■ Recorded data
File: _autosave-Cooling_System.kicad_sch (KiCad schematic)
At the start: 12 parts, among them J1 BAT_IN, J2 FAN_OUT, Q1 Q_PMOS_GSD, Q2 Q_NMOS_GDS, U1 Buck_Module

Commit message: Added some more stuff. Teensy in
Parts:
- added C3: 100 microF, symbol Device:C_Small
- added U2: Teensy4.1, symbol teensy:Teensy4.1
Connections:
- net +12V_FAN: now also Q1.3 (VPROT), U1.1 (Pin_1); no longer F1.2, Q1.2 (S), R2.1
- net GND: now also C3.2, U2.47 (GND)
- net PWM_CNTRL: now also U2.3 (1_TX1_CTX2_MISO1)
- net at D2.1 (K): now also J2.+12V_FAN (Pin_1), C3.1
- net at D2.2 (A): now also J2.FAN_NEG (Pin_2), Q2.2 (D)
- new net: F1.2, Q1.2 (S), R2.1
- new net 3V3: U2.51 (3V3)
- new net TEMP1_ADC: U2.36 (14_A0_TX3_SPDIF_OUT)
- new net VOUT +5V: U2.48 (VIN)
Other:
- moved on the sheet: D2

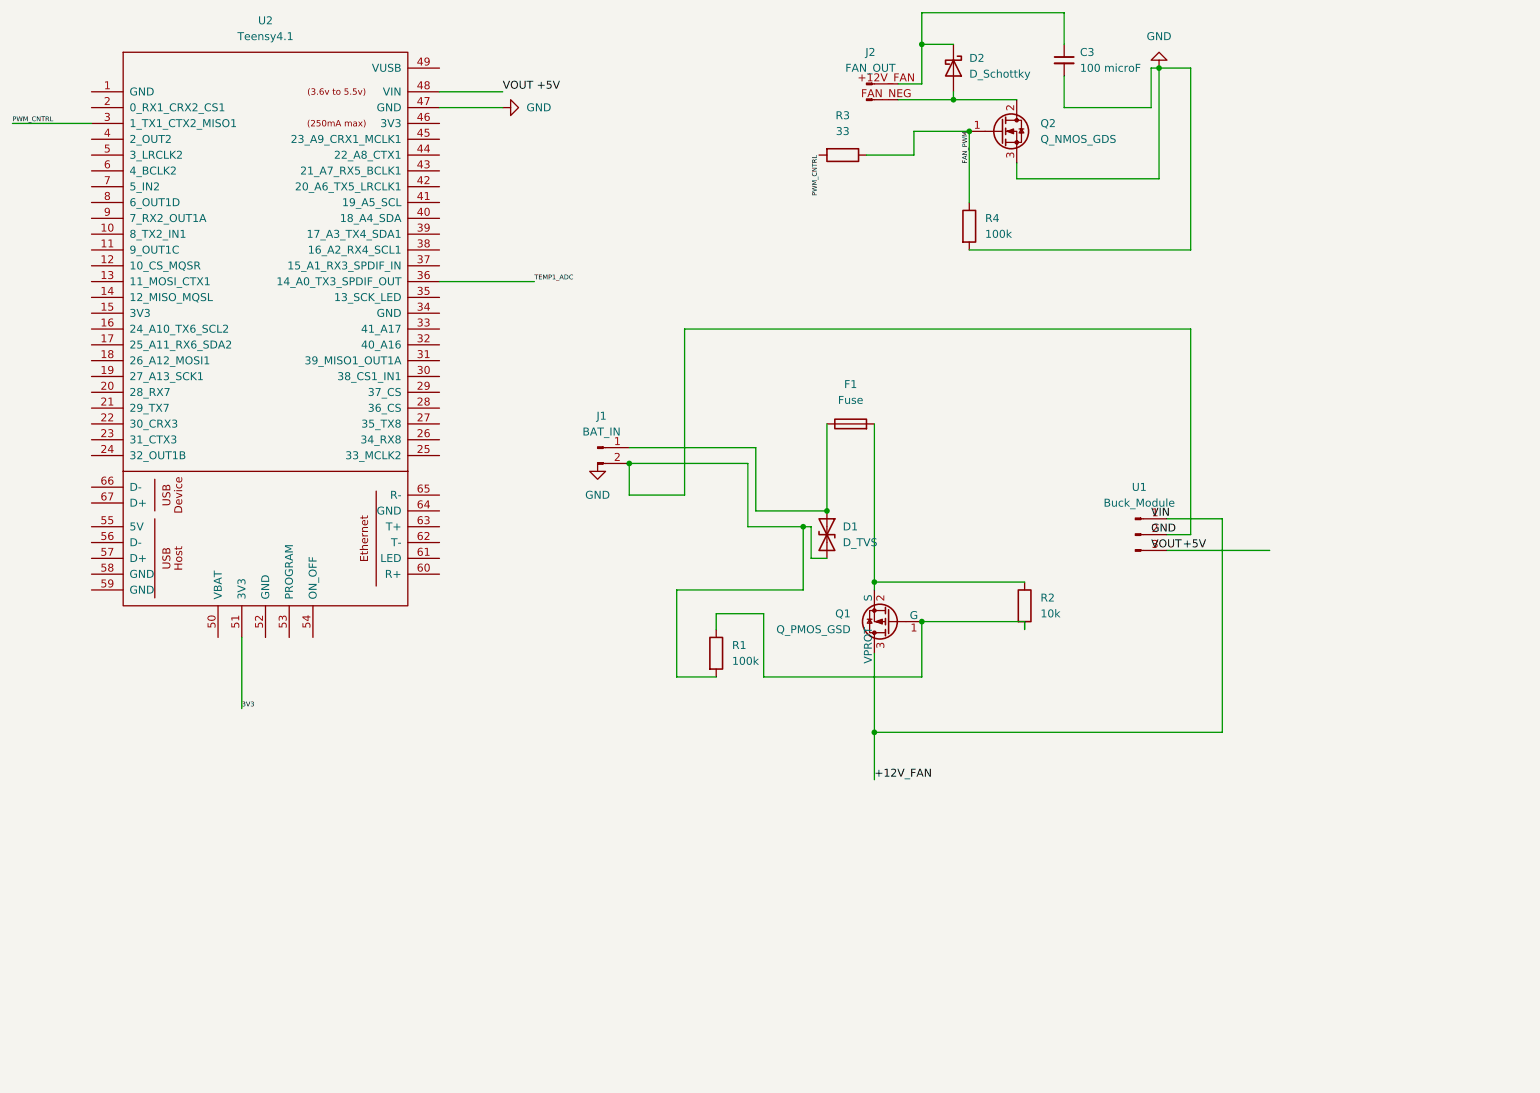
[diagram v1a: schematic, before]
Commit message: circuit schematic with metric logging output
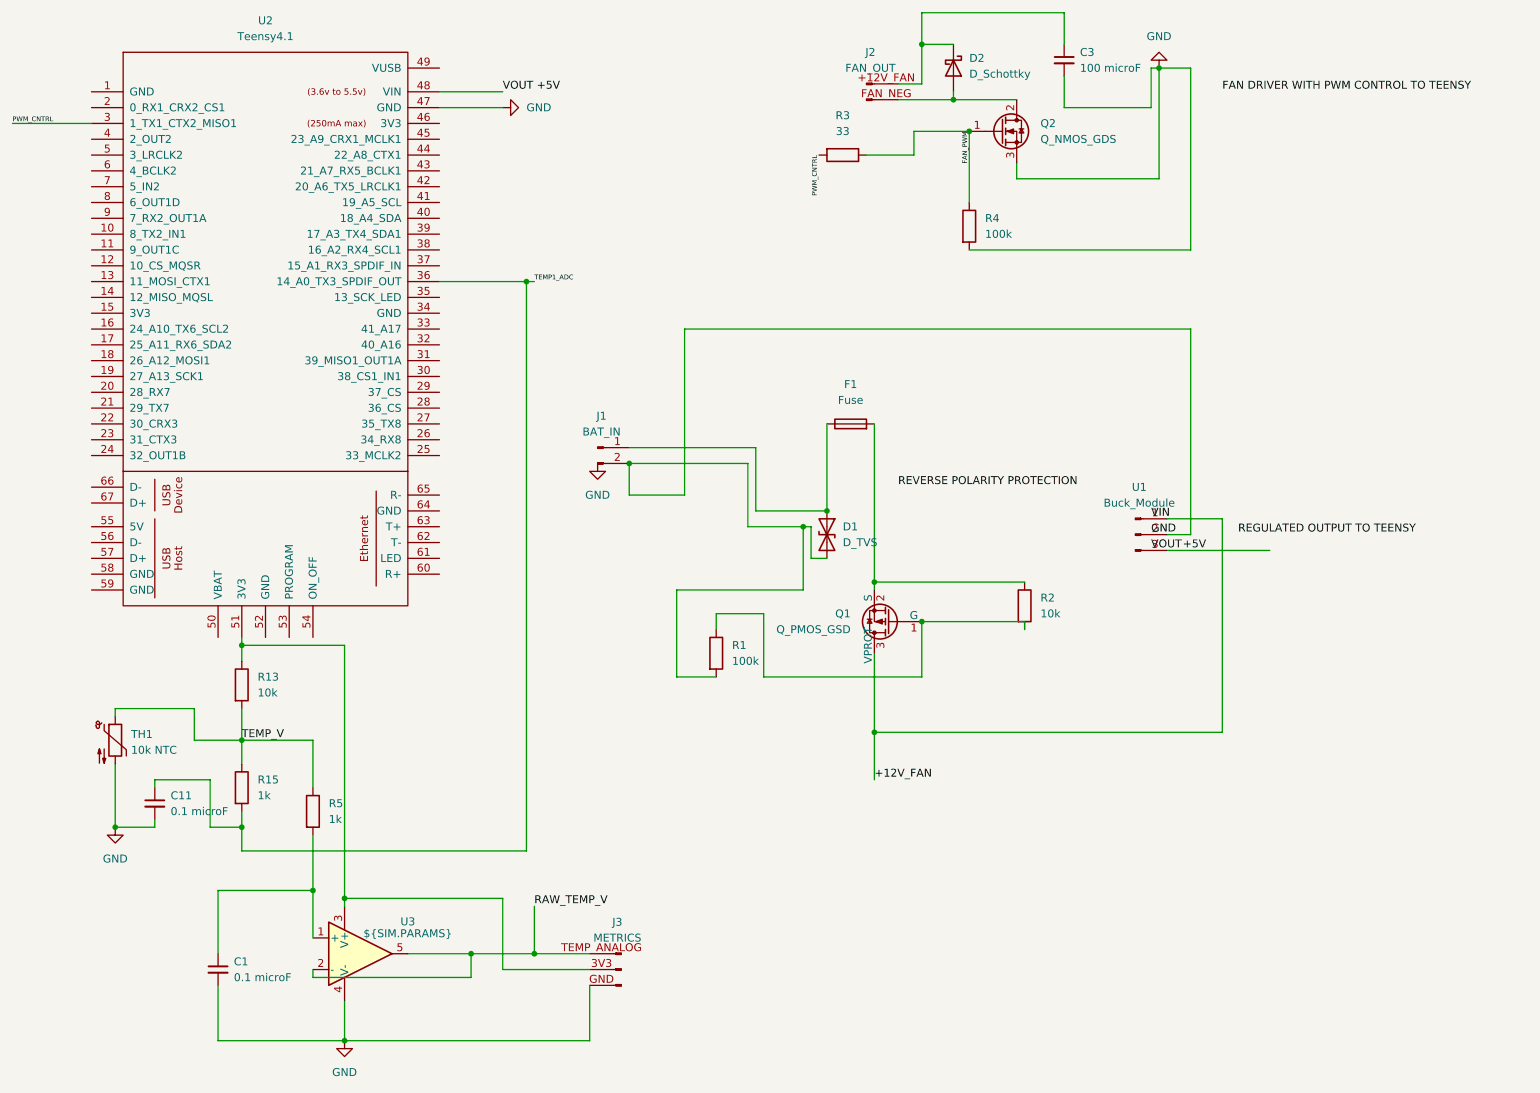
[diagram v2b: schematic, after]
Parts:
- added C1, C11: 0.1 microF, symbol Device:C_Small
- added J3: METRICS, symbol Connector:Conn_01x03_Pin
- added R13: 10k, symbol Device:R
- added R15, R5: 1k, symbol Device:R
- added TH1: 10k NTC, symbol Device:Thermistor_NTC
- added U3: ${SIM.PARAMS}, symbol Simulation_SPICE:OPAMP
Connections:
- net GND: now also C1.2, C11.2, J3.GND (Pin_3), TH1.2, U3.4 (V-)
- net TEMP1_ADC: now also C11.1, R15.2
- net 3V3: no longer names the net of U2.51 (3V3)
- net 3V3: now also J3.3V3 (Pin_2), R13.1, U3.3 (V+)
- new net: C1.1, R5.2, U3.1 (+)
- new net RAW_TEMP_V: J3.TEMP_ANALOG (Pin_1), U3.2 (-), U3.5
- new net TEMP_V: R13.2, R15.1, R5.1, TH1.1

■ TASK TO COMPLETE
Go through the records and repeat each one exactly, skipping anything that is a picture.

■ RESULT OF THE EXERCISE
File: _autosave-Cooling_System.kicad_sch (KiCad schematic)
At the start: 12 parts, among them J1 BAT_IN, J2 FAN_OUT, Q1 Q_PMOS_GSD, Q2 Q_NMOS_GDS, U1 Buck_Module

Commit message: Added some more stuff. Teensy in
Parts:
- added C3: 100 microF, symbol Device:C_Small
- added U2: Teensy4.1, symbol teensy:Teensy4.1
Connections:
- net +12V_FAN: now also Q1.3 (VPROT), U1.1 (Pin_1); no longer F1.2, Q1.2 (S), R2.1
- net GND: now also C3.2, U2.47 (GND)
- net PWM_CNTRL: now also U2.3 (1_TX1_CTX2_MISO1)
- net at D2.1 (K): now also J2.+12V_FAN (Pin_1), C3.1
- net at D2.2 (A): now also J2.FAN_NEG (Pin_2), Q2.2 (D)
- new net: F1.2, Q1.2 (S), R2.1
- new net 3V3: U2.51 (3V3)
- new net TEMP1_ADC: U2.36 (14_A0_TX3_SPDIF_OUT)
- new net VOUT +5V: U2.48 (VIN)
Other:
- moved on the sheet: D2

[diagram v1a: schematic, before]
Commit message: circuit schematic with metric logging output
[diagram v2b: schematic, after]
Parts:
- added C1, C11: 0.1 microF, symbol Device:C_Small
- added J3: METRICS, symbol Connector:Conn_01x03_Pin
- added R13: 10k, symbol Device:R
- added R15, R5: 1k, symbol Device:R
- added TH1: 10k NTC, symbol Device:Thermistor_NTC
- added U3: ${SIM.PARAMS}, symbol Simulation_SPICE:OPAMP
Connections:
- net GND: now also C1.2, C11.2, J3.GND (Pin_3), TH1.2, U3.4 (V-)
- net TEMP1_ADC: now also C11.1, R15.2
- net 3V3: no longer names the net of U2.51 (3V3)
- net 3V3: now also J3.3V3 (Pin_2), R13.1, U3.3 (V+)
- new net: C1.1, R5.2, U3.1 (+)
- new net RAW_TEMP_V: J3.TEMP_ANALOG (Pin_1), U3.2 (-), U3.5
- new net TEMP_V: R13.2, R15.1, R5.1, TH1.1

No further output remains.